Wednesday, January 28, 2009

My traumatic experience with the postal service.



Actually The Postal Service is one of my favorite bands and I had a great time singing along to "Such Great Heights" with a bunch of friends this weekend. That is not the postal service that I am talking about in this post (and I'm sure most of you probably didn't think it was--I just wanted to give props to great music).

No, this week I was traumatized with my dealings with the Correos, Spain's postal service. It all started out with me having to send my camera back to the U.S. so it can get fixed. I decided to look into doing this on Monday and I thought I'd just go to the Correos office on my street. Well for some reason that office is not open to the public. It's only a sorting center or something like that. Because I was already on that end of the street I decided to go to the Corte Inglés to find some packing materials, but after walking around for 15 or so minutes with a packing tape dispenser in my hands, but no actual packing tape, I finally asked where it was and was told that they do not carry packing tape (they just carry dispensers--dumb. I really have a love/hate relationship with Corte Inglés that I will have to post about some time). That night I got home and put my postal code in the finder on the Correos website and it told me the next closest office and I decided to go there after school on Tuesday.

On Tuesday I studied my metro map carefully and took it to where I needed to go to find the Correos ofice. I walked up and down the street and rechecked the address. Apparently there is no office at that location anymore or something. Foiled again.

So today I decided that I knew there was a Correos office in the Corte Inglés near Puerta del Sol. I went there after school and had to go down into the basement and then walk through this creepy parking garage just to find the office. I had read on the Correos website that I could buy a box there to ship my camera, so I waited in line and then asked the man (in Spanish) if they sold shipping boxes. He told me that yes, they do sell boxes there, but they didn't have any today. Oh. Okay. I wandered around that Corte Inglés for a little while trying to come up with innovative packing materials, and could not find anything that would work. Then I decided to go to the ISA office nearby because I figured the directors might have an idea where I could find a box. David was the only one there and told me the post office in Corte Inglés. Ha.

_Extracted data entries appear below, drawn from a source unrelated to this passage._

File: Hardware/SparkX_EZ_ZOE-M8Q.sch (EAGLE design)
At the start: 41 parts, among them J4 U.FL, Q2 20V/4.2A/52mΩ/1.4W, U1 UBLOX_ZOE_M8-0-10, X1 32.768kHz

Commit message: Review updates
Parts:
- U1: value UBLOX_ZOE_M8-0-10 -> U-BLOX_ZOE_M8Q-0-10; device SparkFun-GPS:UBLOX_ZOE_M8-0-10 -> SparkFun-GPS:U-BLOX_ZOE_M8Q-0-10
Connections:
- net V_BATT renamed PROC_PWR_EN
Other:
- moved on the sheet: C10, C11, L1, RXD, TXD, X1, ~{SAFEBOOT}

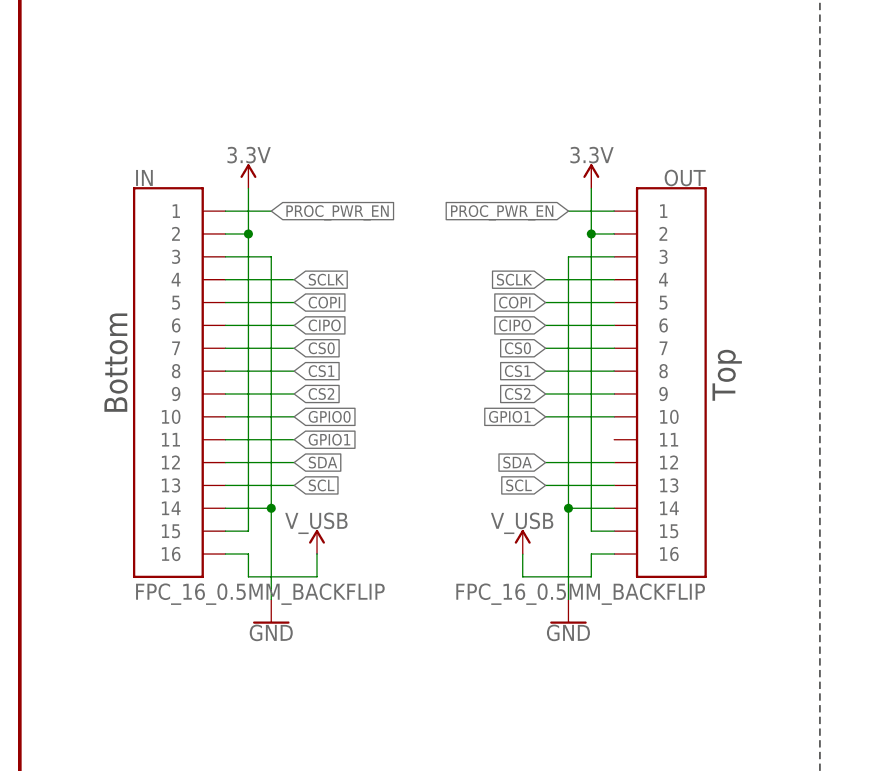
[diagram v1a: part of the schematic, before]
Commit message: Update 16-way FPC Connector
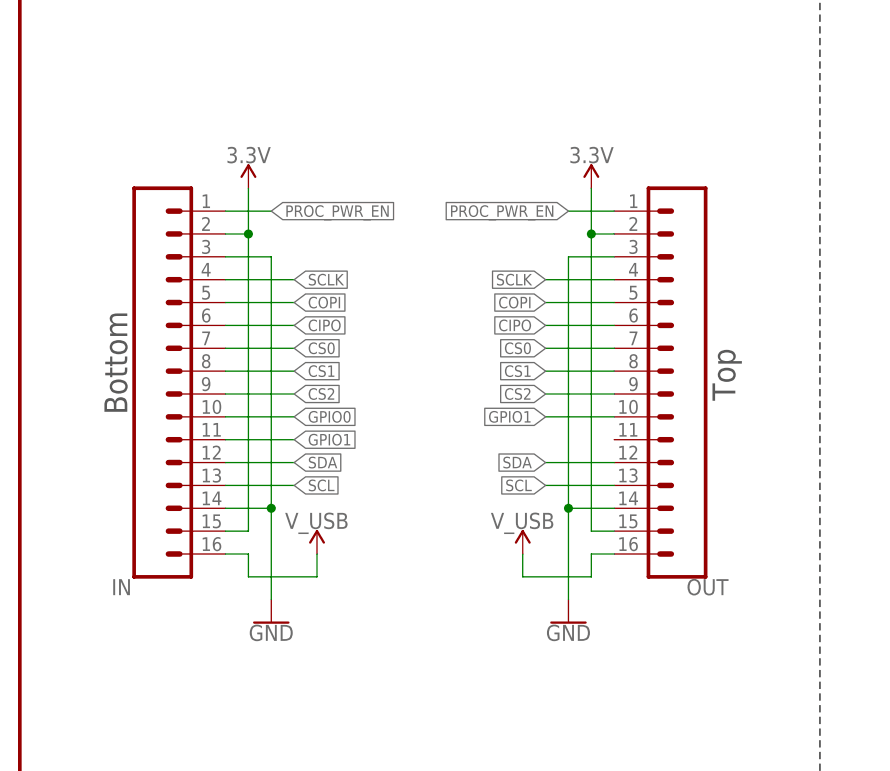
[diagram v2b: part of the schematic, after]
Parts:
- IN, OUT: value FPC_16_0.5MM_BACKFLIP -> (none); device New_Parts_Connectors:FPC_16_0.5MM_BACKFLIP -> SparkFun-Connectors:CONN_16FPC_16_0.5MM
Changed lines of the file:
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@@
 <part name="GND14" library="SparkFun-PowerSymbols" deviceset="GND" device=""/>
 <part name="SUPPLY4" library="SparkFun-PowerSymbols" deviceset="VDD" device=""/>
-<part name="IN" library="New_Parts_Connectors" deviceset="FPC_16_0.5MM" device="_BACKFLIP"/>
-<part name="OUT" library="New_Parts_Connectors" deviceset="FPC_16_0.5MM" device="_BACKFLIP"/>
+<part name="IN" library="SparkFun-Connectors" deviceset="CONN_16" device="FPC_16_0.5MM"/>
+<part name="OUT" library="SparkFun-Connectors" deviceset="CONN_16" device="FPC_16_0.5MM"/>
 <part name="SUPPLY21" library="SparkFun-PowerSymbols" deviceset="3.3V" device=""/>
 <part name="SUPPLY22" library="SparkFun-PowerSymbols" deviceset="3.3V" device=""/>
@@
 <instance part="LOGO3" gate="G$1" x="307.34" y="25.4" smashed="yes"/>
 <instance part="U$4" gate="G$1" x="307.34" y="7.62" smashed="yes"/>
-<instance part="IN" gate="G$1" x="15.24" y="45.72" smashed="yes">
-<attribute name="NAME" x="12.7" y="66.294" size="1.778" layer="95"/>
-<attribute name="VALUE" x="12.7" y="20.32" size="1.778" layer="96"/>
-</instance>
-<instance part="OUT" gate="G$1" x="73.66" y="45.72" smashed="yes" rot="MR0">
-<attribute name="NAME" x="76.2" y="66.294" size="1.778" layer="95" rot="MR0"/>
-<attribute name="VALUE" x="76.2" y="20.32" size="1.778" layer="96" rot="MR0"/>
+<instance part="IN" gate="G$1" x="12.7" y="43.18" smashed="yes" rot="MR180">
+<attribute name="NAME" x="10.16" y="22.606" size="1.778" layer="95" rot="MR180"/>
+<attribute name="VALUE" x="10.16" y="68.58" size="1.778" layer="96" rot="MR180"/>
+</instance>
+<instance part="OUT" gate="G$1" x="76.2" y="43.18" smashed="yes" rot="R180">
+<attribute name="NAME" x="78.74" y="22.606" size="1.778" layer="95" rot="R180"/>
+<attribute name="VALUE" x="78.74" y="68.58" size="1.778" layer="96" rot="R180"/>
 </instance>
 <instance part="SUPPLY21" gate="G$1" x="25.4" y="66.04" smashed="yes">
@@
 <segment>
 <pinref part="SUPPLY21" gate="G$1" pin="3.3V"/>
-<wire x1="25.4" y1="66.04" x2="25.4" y2="60.96" width="0.1524" layer="91"/>
 <pinref part="IN" gate="G$1" pin="2"/>
-<wire x1="25.4" y1="60.96" x2="22.86" y2="60.96" width="0.1524" layer="91"/>
 <pinref part="IN" gate="G$1" pin="15"/>
 <wire x1="22.86" y1="27.94" x2="25.4" y2="27.94" width="0.1524" layer="91"/>
 <wire x1="25.4" y1="27.94" x2="25.4" y2="60.96" width="0.1524" layer="91"/>
+<wire x1="25.4" y1="60.96" x2="25.4" y2="66.04" width="0.1524" layer="91"/>
+<wire x1="22.86" y1="60.96" x2="25.4" y2="60.96" width="0.1524" layer="91"/>
 <junction x="25.4" y="60.96"/>
 </segment>
 <segment>
 <pinref part="SUPPLY22" gate="G$1" pin="3.3V"/>
-<wire x1="63.5" y1="66.04" x2="63.5" y2="60.96" width="0.1524" layer="91"/>
 <pinref part="OUT" gate="G$1" pin="2"/>
-<wire x1="63.5" y1="60.96" x2="66.04" y2="60.96" width="0.1524" layer="91"/>
 <pinref part="OUT" gate="G$1" pin="15"/>
 <wire x1="66.04" y1="27.94" x2="63.5" y2="27.94" width="0.1524" layer="91"/>
 <wire x1="63.5" y1="27.94" x2="63.5" y2="60.96" width="0.1524" layer="91"/>
+<wire x1="63.5" y1="60.96" x2="63.5" y2="66.04" width="0.1524" layer="91"/>
+<wire x1="66.04" y1="60.96" x2="63.5" y2="60.96" width="0.1524" layer="91"/>
 <junction x="63.5" y="60.96"/>
 </segment>
@@
 <pinref part="IN" gate="G$1" pin="16"/>
 <wire x1="22.86" y1="25.4" x2="25.4" y2="25.4" width="0.1524" layer="91"/>
-<wire x1="25.4" y1="22.86" x2="25.4" y2="25.4" width="0.1524" layer="91"/>
-</segment>
-<segment>
+<wire x1="25.4" y1="25.4" x2="25.4" y2="22.86" width="0.1524" layer="91"/>
+</segment>
+<segment>

After that I decided to do what I should have just done all along--go to the Palacio de Comunicaciones. Really, that sounds a lot more special than it actually is. It's a beautiful building on the outside, but just a huge post office on the inside. (I think I have a picture of the building in one of my previous Facebook albums--I just didn't know what it was called at the time.) I went inside, stood around, and finally figured out that you had to take a number even though there were like 10+ stations open and only five customers there. I had to pick what kind of number I wanted to take and I picked the one that said I needed to buy something because I needed to buy a box. Well, I chose correctly and when I got up there the guy asked me what I wanted and I said in Spanish "I need a box big enough to send my camera to the United States." Well, he got pissy when he heard that and left me for a minute and came back with this really nice woman who got me my box, but told me that they did not accept credit cards. I only had 20 euros on me and had to spend 3 to buy the box (and I had figured it would probably cost around 25 to send the package), so I decided to just get the box and come back later with more cash. Like I said, the woman was very nice, so she weighed my package before I left and told me it would only cost 4,80 to send. I couldn't believe it would be so cheap, but was happy that I could just stay there and mail it. Unfortunately I had to take another number to get in "send" line (because I had been in the "buy" line). I got up there and handed the guy all of my information and he weighed my package and told me it would cost 18 euros to send. Oh. Apparently the nice worker had put in the wrong postal code. I was a euro short, so I took the box and walked outside. However, I scrounged around in my pocket and found two more euros in change, so I went back in, took another number, waited around, got up there, waited while the worker guy flirted with a worker girl and finally sent the box. I was so relieved just to be done with that experience. Although now we have to wait and see if the box actually gets to Wisconsin.

Of course when I got to the metro, I found that with all my digging in my pockets for various things at the post office I had lost my metro pass that still had 7 trips left on it. It's a good thing I found that last euro in my pocket because it bought me my trip home.

So the moral of this story is that you should just go to the big post office to begin with. And don't trust the Correos website for anything. I really love Spain, but sometimes I just feel that people aren't really on top of things and they kind of like to give you the run-around.

P.S. Just to let you all know I don't have classes on Thursdays ever and there's some holiday on Friday so I have an extra long weekend. My friends and I are going to Zaragoza on Friday, so I probably won't update this again until Sunday.